En resumidas cuentas, Panigrahy hace referencia a que las resolvinas podrían ser reguladores de los procesos de inflamación. A su vez, esto implica que podrían tener una oportunidad de frenar el ciclo de daño celular y liberación de citoquinas que hace que el organismo termine por desencadenar una respuesta.

“La activación de las propias vías de resolución del cuerpo con el uso de resolvinas y moléculas relacionadas de pro-resolución (…) puede complementar las estrategias de tratamiento actuales, al tiempo que limita el daño orgánico grave y mejora los resultados en pacientes con COVID-19”.

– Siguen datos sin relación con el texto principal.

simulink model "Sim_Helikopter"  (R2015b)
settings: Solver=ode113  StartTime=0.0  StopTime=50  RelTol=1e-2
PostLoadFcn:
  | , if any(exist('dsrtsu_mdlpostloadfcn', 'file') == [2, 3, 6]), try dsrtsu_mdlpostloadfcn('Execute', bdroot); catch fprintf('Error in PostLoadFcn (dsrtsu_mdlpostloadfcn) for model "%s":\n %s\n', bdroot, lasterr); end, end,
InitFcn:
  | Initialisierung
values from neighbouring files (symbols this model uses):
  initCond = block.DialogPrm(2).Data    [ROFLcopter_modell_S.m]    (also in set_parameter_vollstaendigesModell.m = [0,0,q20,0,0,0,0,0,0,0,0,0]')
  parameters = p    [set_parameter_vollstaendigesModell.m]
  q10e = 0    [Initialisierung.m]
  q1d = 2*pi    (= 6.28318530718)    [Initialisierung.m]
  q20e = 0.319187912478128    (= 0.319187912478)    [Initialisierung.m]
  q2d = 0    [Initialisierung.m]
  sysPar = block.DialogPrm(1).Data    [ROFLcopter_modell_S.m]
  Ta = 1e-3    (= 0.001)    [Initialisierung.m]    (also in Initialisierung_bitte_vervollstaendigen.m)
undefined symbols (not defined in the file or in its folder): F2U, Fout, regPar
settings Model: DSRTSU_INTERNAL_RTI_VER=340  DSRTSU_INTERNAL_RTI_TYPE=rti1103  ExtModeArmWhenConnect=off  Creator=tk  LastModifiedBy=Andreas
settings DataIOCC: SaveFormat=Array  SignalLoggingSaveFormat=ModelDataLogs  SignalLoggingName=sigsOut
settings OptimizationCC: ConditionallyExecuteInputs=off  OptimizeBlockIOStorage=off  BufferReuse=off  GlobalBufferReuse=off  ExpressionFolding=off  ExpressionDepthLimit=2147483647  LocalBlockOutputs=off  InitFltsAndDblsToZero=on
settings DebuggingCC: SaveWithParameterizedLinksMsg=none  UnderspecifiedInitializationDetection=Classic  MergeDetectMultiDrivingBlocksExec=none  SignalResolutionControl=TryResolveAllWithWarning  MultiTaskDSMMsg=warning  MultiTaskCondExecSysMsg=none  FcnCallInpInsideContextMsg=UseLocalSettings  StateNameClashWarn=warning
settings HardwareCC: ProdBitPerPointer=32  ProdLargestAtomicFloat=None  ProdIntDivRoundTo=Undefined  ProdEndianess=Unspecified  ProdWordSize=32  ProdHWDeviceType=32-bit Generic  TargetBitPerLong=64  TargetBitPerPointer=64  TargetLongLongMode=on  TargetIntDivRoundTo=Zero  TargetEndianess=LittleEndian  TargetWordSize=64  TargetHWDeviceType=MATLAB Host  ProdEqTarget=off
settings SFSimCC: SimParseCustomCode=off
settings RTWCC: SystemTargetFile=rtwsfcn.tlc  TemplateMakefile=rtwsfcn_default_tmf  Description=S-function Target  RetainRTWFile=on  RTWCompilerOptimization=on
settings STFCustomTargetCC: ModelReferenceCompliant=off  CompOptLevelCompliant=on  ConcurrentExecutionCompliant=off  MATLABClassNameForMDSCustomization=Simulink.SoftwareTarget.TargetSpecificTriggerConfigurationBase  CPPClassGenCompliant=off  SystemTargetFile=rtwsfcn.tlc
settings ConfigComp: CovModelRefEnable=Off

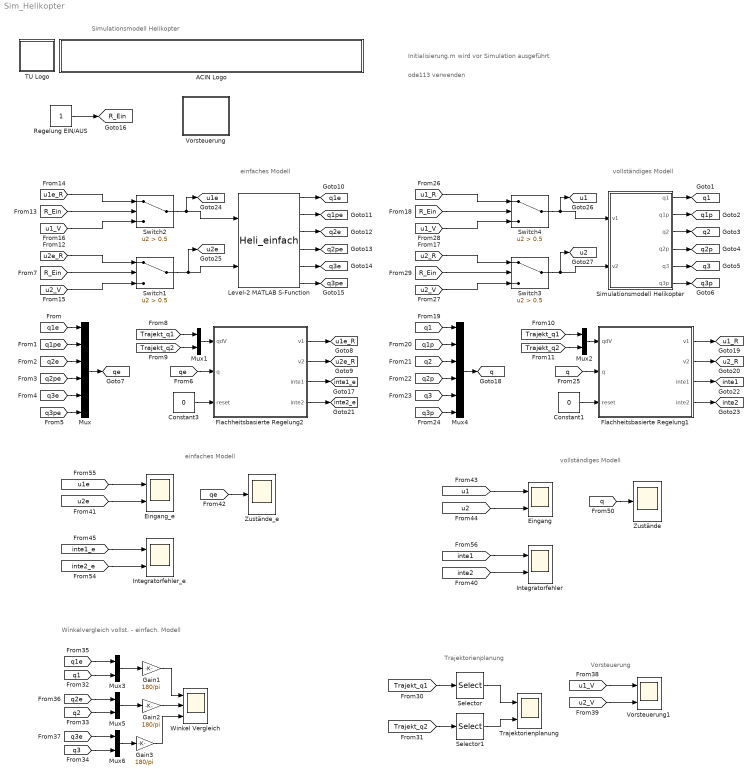
== system Sim_Helikopter ==
  note: ode113 verwenden
  note: Initialisierung.m wird vor Simulation ausgeführt
  note: vollständiges Modell
  note: einfaches Modell
  note: Simulationsmodell Helikopter
  note: Winkelvergleich vollst. - einfach. Modell
  note: Trajektorienplanung
  note: Vorsteuerung
  note: einfaches Modell
  note: vollständiges Modell
  ACIN Logo : Subsystem
      mask init:
      | s = get_param(gcb,'UserData');
      mask Display:
      | image(s.logo,[0 0 439 45]);
      | %axis image
  Constant1 : Constant  Value=0
  Constant3 : Constant  Value=0
  Eingang : Scope  NumInputPorts=2
  Eingang_e : Scope  NumInputPorts=2
  Flachheitsbasierte Regelung1 : MATLAB Function  TreatAsAtomicUnit=on
  Flachheitsbasierte Regelung2 : MATLAB Function  TreatAsAtomicUnit=on
  Gain1 : Gain  Gain=180/pi  SaturateOnIntegerOverflow=on  OutDataTypeStr=Inherit: Same as input  ParamDataTypeStr=Inherit: Same as input
  Gain2 : Gain  Gain=180/pi  SaturateOnIntegerOverflow=on  OutDataTypeStr=Inherit: Same as input  ParamDataTypeStr=Inherit: Same as input
  Gain3 : Gain  Gain=180/pi  SaturateOnIntegerOverflow=on  OutDataTypeStr=Inherit: Same as input  ParamDataTypeStr=Inherit: Same as input
  Integratorfehler : Scope  NumInputPorts=2
  Integratorfehler_e : Scope  NumInputPorts=2
  Level-2 MATLAB S-Function : M-S-Function  FunctionName=Heli_einfach  Parameters=sysPar.xR [sysPar.a1 sysPar.a2 sysPar.a3 sysPar.b1 sysPar.b2 sysPar.b3]
  Mux : Mux  Inputs=6
  Mux{1..3,5..6} (5 alike) : Mux  Inputs=2
  Mux4 : Mux  Inputs=6
  Regelung EIN/AUS : Constant
  Selector : Selector  InputPortWidth=5  IndexOptions=Index vector (dialog)  Indices=1  OutputSizes=1
  Selector1 : Selector  InputPortWidth=5  IndexOptions=Index vector (dialog)  Indices=1  OutputSizes=1
  Simulationsmodell Helikopter : Subsystem
  Switch{1..4} (4 alike) : Switch  Criteria=u2 > Threshold  Threshold=0.5
  TU Logo : Subsystem
      mask init:
      | s = get_param(gcb,'UserData');
      mask Display: image(s.logo,[0 0 45 45]);
  Trajektorienplanung : Scope  NumInputPorts=2
  Vorsteuerung : Subsystem
  Vorsteuerung1 : Scope  NumInputPorts=2
  Winkel Vergleich : Scope  NumInputPorts=3
  "Zustände " : Scope
  Zustände_e : Scope
  tag scope: R_Ein=global, inte1=global, inte1_e=global, inte2=global, inte2_e=global, q1=global, q1e=global, q1p=global, q1pe=global, q2=global, q2e=global, q2p=global, q2pe=global, q3=global, q3e=global, q3p=global, q3pe=global, q=global, qe=global, u1=global, u1_R=global, u1e=global, u1e_R=global, u2=global, u2_R=global, u2e=global, u2e_R=global
  wires:
  Simulationsmodell Helikopter/1(q1) -> [q1]
  Simulationsmodell Helikopter/2(q1p) -> [q1p]
  Simulationsmodell Helikopter/3(q2) -> [q2]
  Simulationsmodell Helikopter/4(q2p) -> [q2p]
  Simulationsmodell Helikopter/5(q3) -> [q3]
  Simulationsmodell Helikopter/6(q3p) -> [q3p]
  Mux/1 -> [qe]
  [q1e] -> Mux/1
  [q1pe] -> Mux/2
  [q2e] -> Mux/3
  [q2pe] -> Mux/4
  [q3e] -> Mux/5
  [q3pe] -> Mux/6
  Level-2 MATLAB S-Function/6 -> [q3pe]
  Level-2 MATLAB S-Function/5 -> [q3e]
  Level-2 MATLAB S-Function/4 -> [q2pe]
  Level-2 MATLAB S-Function/3 -> [q2e]
  Level-2 MATLAB S-Function/2 -> [q1pe]
  Level-2 MATLAB S-Function/1 -> [q1e]
  Mux4/1 -> [q]
  [q1] -> Mux4/1
  [q1p] -> Mux4/2
  [q2] -> Mux4/3
  [q2p] -> Mux4/4
  [q3] -> Mux4/5
  [q3p] -> Mux4/6
  Flachheitsbasierte Regelung1/1(v1) -> [u1_R]
  Flachheitsbasierte Regelung1/2(v2) -> [u2_R]
  Constant1/1 -> Flachheitsbasierte Regelung1/3(reset)
  [q] -> Flachheitsbasierte Regelung1/2(q)
  Flachheitsbasierte Regelung1/3(inte1) -> [inte1]
  Flachheitsbasierte Regelung1/4(inte2) -> [inte2]
  Flachheitsbasierte Regelung2/1(v1) -> [u1e_R]
  Flachheitsbasierte Regelung2/2(v2) -> [u2e_R]
  Constant3/1 -> Flachheitsbasierte Regelung2/3(reset)
  Mux1/1 -> Flachheitsbasierte Regelung2/1(qdV)
  [qe] -> Flachheitsbasierte Regelung2/2(q)
  Flachheitsbasierte Regelung2/3(inte1) -> [inte1_e]
  Flachheitsbasierte Regelung2/4(inte2) -> [inte2_e]
  Switch2/1 -> [u1e], Level-2 MATLAB S-Function/1
  [Trajekt_q1] -> Mux1/1
  [Trajekt_q2] -> Mux1/2
  [Trajekt_q1] -> Mux2/1
  [Trajekt_q2] -> Mux2/2
  Mux2/1 -> Flachheitsbasierte Regelung1/1(qdV)
  [R_Ein] -> Switch2/2
  [u1e_R] -> Switch2/1
  [u1_V] -> Switch2/3
  [R_Ein] -> Switch1/2
  [u2e_R] -> Switch1/1
  [u2_V] -> Switch1/3
  Switch1/1 -> [u2e], Level-2 MATLAB S-Function/2
  Switch4/1 -> [u1], Simulationsmodell Helikopter/1(v1)
  [R_Ein] -> Switch4/2
  [u1_R] -> Switch4/1
  [u1_V] -> Switch4/3
  [R_Ein] -> Switch3/2
  [u2_R] -> Switch3/1
  [u2_V] -> Switch3/3
  Switch3/1 -> [u2], Simulationsmodell Helikopter/2(v2)
  Regelung EIN/AUS/1 -> [R_Ein]
  [q3] -> Mux6/2
  [q2] -> Mux5/2
  [q1] -> Mux3/2
  [q3e] -> Mux6/1
  [q2e] -> Mux5/1
  [q1e] -> Mux3/1
  [u1_V] -> Vorsteuerung1/1
  [u2_V] -> Vorsteuerung1/2
  [u1] -> Eingang/1
  [u2] -> Eingang/2
  Gain1/1 -> Winkel Vergleich/1
  Mux3/1 -> Gain1/1
  Gain2/1 -> Winkel Vergleich/2
  Mux5/1 -> Gain2/1
  Mux6/1 -> Gain3/1
  Gain3/1 -> Winkel Vergleich/3
  [inte1] -> Integratorfehler/1
  [inte2] -> Integratorfehler/2
  [u1e] -> Eingang_e/1
  [u2e] -> Eingang_e/2
  [inte1_e] -> Integratorfehler_e/1
  [inte2_e] -> Integratorfehler_e/2
  [q] -> "Zustände "/1
  [qe] -> Zustände_e/1
  [Trajekt_q1] -> Selector/1
  Selector/1 -> Trajektorienplanung/1
  [Trajekt_q2] -> Selector1/1
  Selector1/1 -> Trajektorienplanung/2

== system Sim_Helikopter/ACIN Logo ==

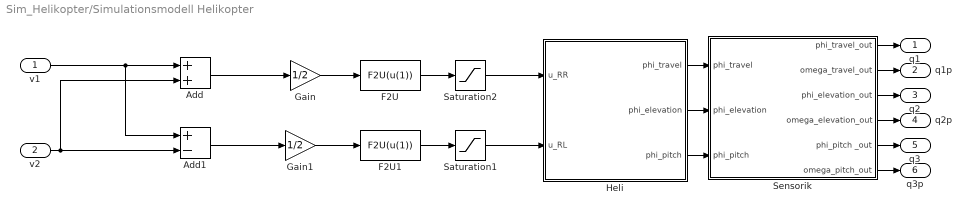
== system Sim_Helikopter/Simulationsmodell Helikopter ==
  v1 : Inport
  v2 : Inport  Port=2
  Add : Sum
  Add1 : Sum  Inputs=+-
  F2U : MATLABFcn  MATLABFcn=F2U(u(1))  OutputDimensions=1  Output1D=off
  F2U1 : MATLABFcn  MATLABFcn=F2U(u(1))  OutputDimensions=1  Output1D=off
  Gain : Gain  Gain=1/2
  Gain1 : Gain  Gain=1/2
  Heli : Subsystem
  Saturation1 : Saturate  UpperLimit=15  LowerLimit=-15
  Saturation2 : Saturate  UpperLimit=15  LowerLimit=-15
  Sensorik : Subsystem
  q1 : Outport
  q1p : Outport  Port=2
  q2 : Outport  Port=3
  q2p : Outport  Port=4
  q3 : Outport  Port=5
  q3p : Outport  Port=6
  wires:
  Saturation1/1 -> Heli/2(u_RL)
  Saturation2/1 -> Heli/1(u_RR)
  Heli/1(phi_travel) -> Sensorik/1(phi_travel)
  Heli/2(phi_elevation) -> Sensorik/2(phi_elevation)
  Heli/3(phi_pitch) -> Sensorik/3(phi_pitch)
  Sensorik/1(phi_travel_out) -> q1/1
  Sensorik/2(omega_travel_out) -> q1p/1
  Sensorik/3(phi_elevation_out) -> q2/1
  Sensorik/4(omega_elevation_out) -> q2p/1
  Sensorik/5(phi_pitch _out) -> q3/1
  Sensorik/6(omega_pitch_out) -> q3p/1
  v1/1 -> Add/1, Add1/1
  v2/1 -> Add/2, Add1/2
  Add/1 -> Gain/1
  Add1/1 -> Gain1/1
  Gain/1 -> F2U/1
  Gain1/1 -> F2U1/1
  F2U/1 -> Saturation2/1
  F2U1/1 -> Saturation1/1

== system Sim_Helikopter/TU Logo ==

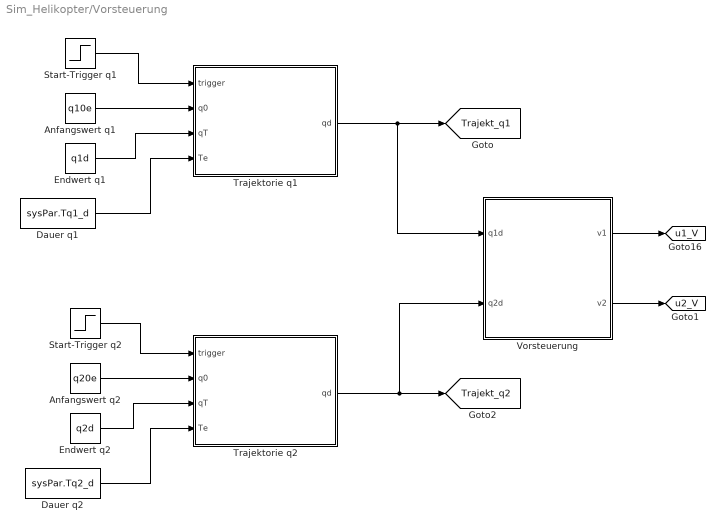
== system Sim_Helikopter/Vorsteuerung ==
  Anfangswert q1 : Constant  Value=q10e
  Anfangswert q2 : Constant  Value=q20e
  Dauer q1 : Constant  Value=sysPar.Tq1_d
  Dauer q2 : Constant  Value=sysPar.Tq2_d
  Endwert q1 : Constant  Value=q1d
  Endwert q2 : Constant  Value=q2d
  Start-Trigger q1 : Step  Time=sysPar.Tq1_s  SampleTime=0
  Start-Trigger q2 : Step  Time=sysPar.Tq2_s  SampleTime=0
  Trajektorie q1 : MATLAB Function  TreatAsAtomicUnit=on
  Trajektorie q2 : MATLAB Function  TreatAsAtomicUnit=on
  "Vorsteuerung " : MATLAB Function  TreatAsAtomicUnit=on
  tag scope: Trajekt_q1=global, Trajekt_q2=global, u1_V=global, u2_V=global
  wires:
  Start-Trigger q1/1 -> Trajektorie q1/1(trigger)
  Anfangswert q1/1 -> Trajektorie q1/2(q0)
  Endwert q1/1 -> Trajektorie q1/3(qT)
  Start-Trigger q2/1 -> Trajektorie q2/1(trigger)
  Anfangswert q2/1 -> Trajektorie q2/2(q0)
  Endwert q2/1 -> Trajektorie q2/3(qT)
  Trajektorie q1/1(qd) -> [Trajekt_q1], "Vorsteuerung "/1(q1d)
  Dauer q2/1 -> Trajektorie q2/4(Te)
  Dauer q1/1 -> Trajektorie q1/4(Te)
  Trajektorie q2/1(qd) -> [Trajekt_q2], "Vorsteuerung "/2(q2d)
  "Vorsteuerung "/2(v2) -> [u2_V]
  "Vorsteuerung "/1(v1) -> [u1_V]

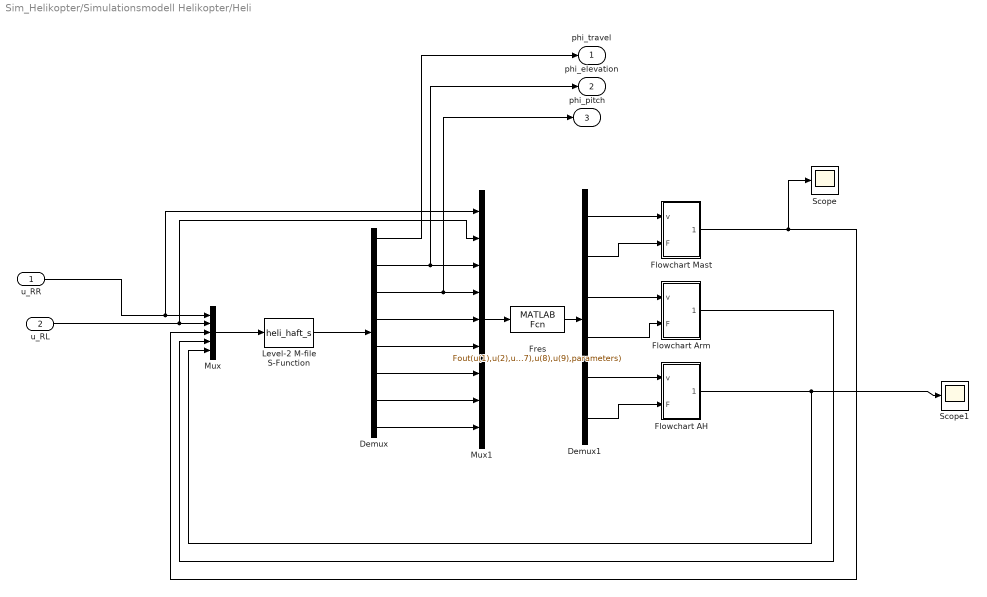
== system Sim_Helikopter/Simulationsmodell Helikopter/Heli ==
  u_RR : Inport
  u_RL : Inport  Port=2
  Demux : Demux  Outputs=8
  Demux1 : Demux  Outputs=6
  Flowchart AH : Subsystem
  Flowchart Arm : Subsystem
  Flowchart Mast : Subsystem
  Fres : MATLABFcn  MATLABFcn=Fout(u(1),u(2),u(3),u(4),u(5),u(6),u(7),u(8),u(9),parameters)  OutputDimensions=6  Output1D=off
  Level-2 M-file S-Function : M-S-Function  FunctionName=heli_haft_s  Parameters=initCond, parameters
  Mux : Mux  Inputs=5
  Mux1 : Mux  Inputs=9
  Scope : Scope
  Scope1 : Scope
  phi_travel : Outport
  phi_elevation : Outport  Port=2
  phi_pitch : Outport  Port=3
  wires:
  Demux/1 -> phi_travel/1
  u_RR/1 -> Mux1/1, Mux/1
  u_RL/1 -> Mux1/2, Mux/2
  Demux1/6 -> Flowchart AH/2(F)
  Demux1/5 -> Flowchart AH/1(v)
  Demux1/4 -> Flowchart Arm/2(F)
  Demux1/3 -> Flowchart Arm/1(v)
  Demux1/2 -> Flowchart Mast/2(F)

Comentó Charles N. Serhan, el otro organizador del estudio y director del Centro de Terapéutica Experimental, además de miembro del Departamento de Anestesiología, Perioperatorio y Medicina del Dolor en Brigham & Women’s Hospital.

Controlar la respuesta inflamatoria exagerada: “Tan importante como manejar la pandemia”

“Controlar la respuesta inflamatoria del cuerpo es clave para el manejo de COVID-19 y puede ser tan importante para manejar la pandemia como las terapias antivirales o una vacuna”, continúa Panigrahy.

Para este par de científicos, la posibilidad de utilizar las resolvinas generadas naturalmente debería ser un tema de estudio tan prioritario como el desarrollo de la propia vacuna. Ya que, a falta de tratamientos específicos, comprender cómo detener y contrarrestar las tormentas de citoquinas podría hacer la diferencia y salvar miles de vidas antes de que una cura oficial llegue al mundo.